Top of EXTRACTED MATERIAL
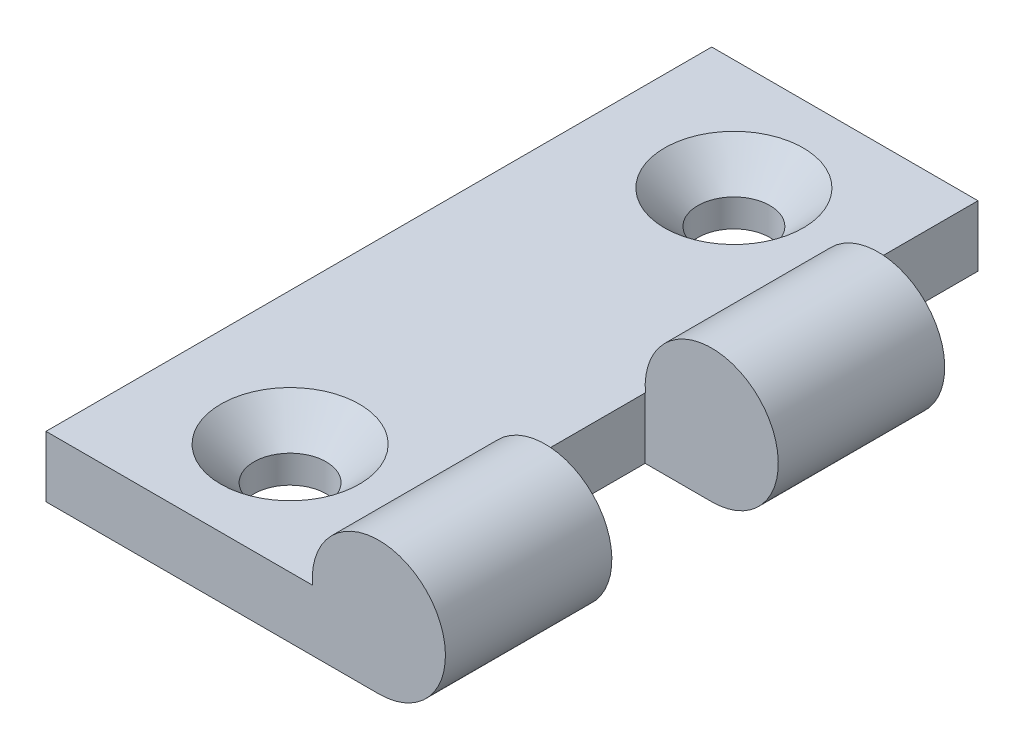
ISO-10303-21;
HEADER;
FILE_DESCRIPTION(('STEP AP214'),'2;1');
FILE_NAME('part.step','',(''),(''),'','','');
FILE_SCHEMA(('AUTOMOTIVE_DESIGN { 1 0 10303 214 1 1 1 1 }'));
ENDSEC;
DATA;
#1=APPLICATION_CONTEXT('core data for automotive mechanical design processes');
#2=APPLICATION_PROTOCOL_DEFINITION('international standard','automotive_design',2000,#1);
#3=PRODUCT_CONTEXT('',#1,'mechanical');
#4=PRODUCT('Part','Part','',(#3));
#5=PRODUCT_RELATED_PRODUCT_CATEGORY('part','',(#4));
#6=PRODUCT_DEFINITION_FORMATION('','',#4);
#7=PRODUCT_DEFINITION_CONTEXT('part definition',#1,'design');
#8=PRODUCT_DEFINITION('design','',#6,#7);
#9=PRODUCT_DEFINITION_SHAPE('','',#8);
#10=(LENGTH_UNIT() NAMED_UNIT(*) SI_UNIT(.MILLI.,.METRE.));
#11=(NAMED_UNIT(*) PLANE_ANGLE_UNIT() SI_UNIT($,.RADIAN.));
#12=(NAMED_UNIT(*) SI_UNIT($,.STERADIAN.) SOLID_ANGLE_UNIT());
#13=UNCERTAINTY_MEASURE_WITH_UNIT(LENGTH_MEASURE(1.E-05),#10,'distance_accuracy_value','');
#14=(GEOMETRIC_REPRESENTATION_CONTEXT(3) GLOBAL_UNCERTAINTY_ASSIGNED_CONTEXT((#13)) GLOBAL_UNIT_ASSIGNED_CONTEXT((#10,
#11,#12)) REPRESENTATION_CONTEXT('',''));
#15=CARTESIAN_POINT('',(0.,0.,0.));
#16=DIRECTION('',(0.,0.,1.));
#17=DIRECTION('',(1.,0.,0.));
#18=AXIS2_PLACEMENT_3D('',#15,#16,#17);
#19=CARTESIAN_POINT('',(30.,6.,-60.));
#20=DIRECTION('',(0.,0.,1.));
#21=DIRECTION('',(1.,0.,0.));
#22=AXIS2_PLACEMENT_3D('',#19,#20,#21);
#23=CYLINDRICAL_SURFACE('',#22,6.);
#24=CARTESIAN_POINT('',(30.,6.,-15.));
#25=DIRECTION('',(0.,0.,1.));
#26=DIRECTION('',(1.,0.,0.));
#27=AXIS2_PLACEMENT_3D('',#24,#25,#26);
#28=CIRCLE('',#27,6.);
#29=CARTESIAN_POINT('',(24.0208696284493,5.5,-15.));
#30=VERTEX_POINT('',#29);
#31=CARTESIAN_POINT('',(30.,0.,-15.));
#32=VERTEX_POINT('',#31);
#33=EDGE_CURVE('E59',#30,#32,#28,.F.);
#34=ORIENTED_EDGE('',*,*,#33,.F.);
#35=DIRECTION('',(0.,0.,1.));
#36=VECTOR('',#35,1.);
#37=CARTESIAN_POINT('',(24.0208696284493,5.5,-60.));
#38=LINE('',#37,#36);
#39=CARTESIAN_POINT('',(24.0208696284493,5.5,0.));
#40=VERTEX_POINT('',#39);
#41=EDGE_CURVE('E217',#30,#40,#38,.T.);
#42=ORIENTED_EDGE('',*,*,#41,.T.);
#43=CARTESIAN_POINT('',(30.,6.,0.));
#44=DIRECTION('',(0.,0.,1.));
#45=DIRECTION('',(1.,0.,0.));
#46=AXIS2_PLACEMENT_3D('',#43,#44,#45);
#47=CIRCLE('',#46,6.);
#48=CARTESIAN_POINT('',(30.,0.,0.));
#49=VERTEX_POINT('',#48);
#50=EDGE_CURVE('E205',#49,#40,#47,.T.);
#51=ORIENTED_EDGE('',*,*,#50,.F.);
#52=DIRECTION('',(0.,0.,1.));
#53=VECTOR('',#52,1.);
#54=CARTESIAN_POINT('',(30.,0.,-60.));
#55=LINE('',#54,#53);
#56=EDGE_CURVE('E221',#32,#49,#55,.T.);
#57=ORIENTED_EDGE('',*,*,#56,.F.);
#58=EDGE_LOOP('',(#34,#42,#51,#57));
#59=FACE_BOUND('',#58,.T.);
#60=ADVANCED_FACE('F42',(#59),#23,.T.);
#61=CARTESIAN_POINT('',(0.,0.,-60.));
#62=DIRECTION('',(-1.,0.,0.));
#63=DIRECTION('',(0.,0.,1.));
#64=AXIS2_PLACEMENT_3D('',#61,#62,#63);
#65=PLANE('',#64);
#66=DIRECTION('',(0.,-1.,0.));
#67=VECTOR('',#66,1.);
#68=CARTESIAN_POINT('',(0.,0.,0.));
#69=LINE('',#68,#67);
#70=CARTESIAN_POINT('',(0.,5.5,0.));
#71=VERTEX_POINT('',#70);
#72=CARTESIAN_POINT('',(0.,0.,0.));
#73=VERTEX_POINT('',#72);
#74=EDGE_CURVE('E186',#71,#73,#69,.T.);
#75=ORIENTED_EDGE('',*,*,#74,.F.);
#76=DIRECTION('',(0.,0.,1.));
#77=VECTOR('',#76,1.);
#78=CARTESIAN_POINT('',(0.,5.5,-60.));
#79=LINE('',#78,#77);
#80=CARTESIAN_POINT('',(0.,5.5,-60.));
#81=VERTEX_POINT('',#80);
#82=EDGE_CURVE('E212',#81,#71,#79,.T.);
#83=ORIENTED_EDGE('',*,*,#82,.F.);
#84=DIRECTION('',(0.,-1.,0.));
#85=VECTOR('',#84,1.);
#86=CARTESIAN_POINT('',(0.,0.,-60.));
#87=LINE('',#86,#85);
#88=CARTESIAN_POINT('',(0.,0.,-60.));
#89=VERTEX_POINT('',#88);
#90=EDGE_CURVE('E187',#81,#89,#87,.T.);
#91=ORIENTED_EDGE('',*,*,#90,.T.);
#92=DIRECTION('',(0.,0.,1.));
#93=VECTOR('',#92,1.);
#94=CARTESIAN_POINT('',(0.,0.,-60.));
#95=LINE('',#94,#93);
#96=EDGE_CURVE('E197',#89,#73,#95,.T.);
#97=ORIENTED_EDGE('',*,*,#96,.T.);
#98=EDGE_LOOP('',(#75,#83,#91,#97));
#99=FACE_BOUND('',#98,.T.);
#100=ADVANCED_FACE('F282',(#99),#65,.T.);
#101=CARTESIAN_POINT('',(0.,5.5,-60.));
#102=DIRECTION('',(0.,1.,0.));
#103=DIRECTION('',(0.,0.,1.));
#104=AXIS2_PLACEMENT_3D('',#101,#102,#103);
#105=PLANE('',#104);
#106=CARTESIAN_POINT('',(12.,5.5,-10.));
#107=DIRECTION('',(0.,1.,0.));
#108=DIRECTION('',(0.,0.,1.));
#109=AXIS2_PLACEMENT_3D('',#106,#107,#108);
#110=CIRCLE('',#109,6.25000000000003);
#111=CARTESIAN_POINT('',(12.,5.5,-3.74999999999998));
#112=VERTEX_POINT('',#111);
#113=EDGE_CURVE('E52',#112,#112,#110,.F.);
#114=ORIENTED_EDGE('',*,*,#113,.T.);
#115=EDGE_LOOP('',(#114));
#116=FACE_BOUND('',#115,.T.);
#117=CARTESIAN_POINT('',(12.,5.5,-50.));
#118=DIRECTION('',(0.,1.,0.));
#119=DIRECTION('',(0.,0.,1.));
#120=AXIS2_PLACEMENT_3D('',#117,#118,#119);
#121=CIRCLE('',#120,6.25000000000003);
#122=CARTESIAN_POINT('',(12.,5.5,-43.75));
#123=VERTEX_POINT('',#122);
#124=EDGE_CURVE('E240',#123,#123,#121,.F.);
#125=ORIENTED_EDGE('',*,*,#124,.T.);
#126=EDGE_LOOP('',(#125));
#127=FACE_BOUND('',#126,.T.);
#128=DIRECTION('',(0.,0.,1.));
#129=VECTOR('',#128,1.);
#130=CARTESIAN_POINT('',(24.,5.5,-60.));
#131=LINE('',#130,#129);
#132=CARTESIAN_POINT('',(24.,5.5,-60.));
#133=VERTEX_POINT('',#132);
#134=CARTESIAN_POINT('',(24.,5.5,-45.));
#135=VERTEX_POINT('',#134);
#136=EDGE_CURVE('E124',#133,#135,#131,.T.);
#137=ORIENTED_EDGE('',*,*,#136,.F.);
#138=DIRECTION('',(-1.,0.,0.));
#139=VECTOR('',#138,1.);
#140=CARTESIAN_POINT('',(0.,5.5,-60.));
#141=LINE('',#140,#139);
#142=EDGE_CURVE('E194',#133,#81,#141,.T.);
#143=ORIENTED_EDGE('',*,*,#142,.T.);
#144=ORIENTED_EDGE('',*,*,#82,.T.);
#145=DIRECTION('',(-1.,0.,0.));
#146=VECTOR('',#145,1.);
#147=CARTESIAN_POINT('',(0.,5.5,0.));
#148=LINE('',#147,#146);
#149=EDGE_CURVE('E191',#40,#71,#148,.T.);
#150=ORIENTED_EDGE('',*,*,#149,.F.);
#151=ORIENTED_EDGE('',*,*,#41,.F.);
#152=DIRECTION('',(1.,0.,0.));
#153=VECTOR('',#152,1.);
#154=CARTESIAN_POINT('',(0.,5.5,-15.));
#155=LINE('',#154,#153);
#156=CARTESIAN_POINT('',(24.,5.5,-15.));
#157=VERTEX_POINT('',#156);
#158=EDGE_CURVE('E169',#157,#30,#155,.T.);
#159=ORIENTED_EDGE('',*,*,#158,.F.);
#160=DIRECTION('',(0.,0.,1.));
#161=VECTOR('',#160,1.);
#162=CARTESIAN_POINT('',(24.,5.5,-60.));
#163=LINE('',#162,#161);
#164=CARTESIAN_POINT('',(24.,5.5,-30.));
#165=VERTEX_POINT('',#164);
#166=EDGE_CURVE('E178',#165,#157,#163,.T.);
#167=ORIENTED_EDGE('',*,*,#166,.F.);
#168=DIRECTION('',(-1.,0.,0.));
#169=VECTOR('',#168,1.);
#170=CARTESIAN_POINT('',(0.,5.5,-30.));
#171=LINE('',#170,#169);
#172=CARTESIAN_POINT('',(24.0208696284493,5.5,-30.));
#173=VERTEX_POINT('',#172);
#174=EDGE_CURVE('E175',#173,#165,#171,.T.);
#175=ORIENTED_EDGE('',*,*,#174,.F.);
#176=CARTESIAN_POINT('',(24.0208696284493,5.5,-45.));
#177=VERTEX_POINT('',#176);
#178=EDGE_CURVE('E216',#177,#173,#38,.T.);
#179=ORIENTED_EDGE('',*,*,#178,.F.);
#180=DIRECTION('',(1.,0.,0.));
#181=VECTOR('',#180,1.);
#182=CARTESIAN_POINT('',(0.,5.5,-45.));
#183=LINE('',#182,#181);
#184=EDGE_CURVE('E183',#135,#177,#183,.T.);
#185=ORIENTED_EDGE('',*,*,#184,.F.);
#186=EDGE_LOOP('',(#137,#143,#144,#150,#151,#159,#167,#175,#179,#185));
#187=FACE_BOUND('',#186,.T.);
#188=ADVANCED_FACE('F247',(#116,#127,#187),#105,.T.);
#189=CARTESIAN_POINT('',(30.,6.,-45.));
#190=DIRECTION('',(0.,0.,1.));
Bottom of EXTRACTED MATERIAL
Would you print exactly, and only, the lines of the data above from the line with "#29=CARTESIAN_POINT('',(24.0208696284493,5.5,-15.));" through the line with "#80=CARTESIAN_POINT('',(0.,5.5,-60.));", inclusive?

#29=CARTESIAN_POINT('',(24.0208696284493,5.5,-15.));
#30=VERTEX_POINT('',#29);
#31=CARTESIAN_POINT('',(30.,0.,-15.));
#32=VERTEX_POINT('',#31);
#33=EDGE_CURVE('E59',#30,#32,#28,.F.);
#34=ORIENTED_EDGE('',*,*,#33,.F.);
#35=DIRECTION('',(0.,0.,1.));
#36=VECTOR('',#35,1.);
#37=CARTESIAN_POINT('',(24.0208696284493,5.5,-60.));
#38=LINE('',#37,#36);
#39=CARTESIAN_POINT('',(24.0208696284493,5.5,0.));
#40=VERTEX_POINT('',#39);
#41=EDGE_CURVE('E217',#30,#40,#38,.T.);
#42=ORIENTED_EDGE('',*,*,#41,.T.);
#43=CARTESIAN_POINT('',(30.,6.,0.));
#44=DIRECTION('',(0.,0.,1.));
#45=DIRECTION('',(1.,0.,0.));
#46=AXIS2_PLACEMENT_3D('',#43,#44,#45);
#47=CIRCLE('',#46,6.);
#48=CARTESIAN_POINT('',(30.,0.,0.));
#49=VERTEX_POINT('',#48);
#50=EDGE_CURVE('E205',#49,#40,#47,.T.);
#51=ORIENTED_EDGE('',*,*,#50,.F.);
#52=DIRECTION('',(0.,0.,1.));
#53=VECTOR('',#52,1.);
#54=CARTESIAN_POINT('',(30.,0.,-60.));
#55=LINE('',#54,#53);
#56=EDGE_CURVE('E221',#32,#49,#55,.T.);
#57=ORIENTED_EDGE('',*,*,#56,.F.);
#58=EDGE_LOOP('',(#34,#42,#51,#57));
#59=FACE_BOUND('',#58,.T.);
#60=ADVANCED_FACE('F42',(#59),#23,.T.);
#61=CARTESIAN_POINT('',(0.,0.,-60.));
#62=DIRECTION('',(-1.,0.,0.));
#63=DIRECTION('',(0.,0.,1.));
#64=AXIS2_PLACEMENT_3D('',#61,#62,#63);
#65=PLANE('',#64);
#66=DIRECTION('',(0.,-1.,0.));
#67=VECTOR('',#66,1.);
#68=CARTESIAN_POINT('',(0.,0.,0.));
#69=LINE('',#68,#67);
#70=CARTESIAN_POINT('',(0.,5.5,0.));
#71=VERTEX_POINT('',#70);
#72=CARTESIAN_POINT('',(0.,0.,0.));
#73=VERTEX_POINT('',#72);
#74=EDGE_CURVE('E186',#71,#73,#69,.T.);
#75=ORIENTED_EDGE('',*,*,#74,.F.);
#76=DIRECTION('',(0.,0.,1.));
#77=VECTOR('',#76,1.);
#78=CARTESIAN_POINT('',(0.,5.5,-60.));
#79=LINE('',#78,#77);
#80=CARTESIAN_POINT('',(0.,5.5,-60.));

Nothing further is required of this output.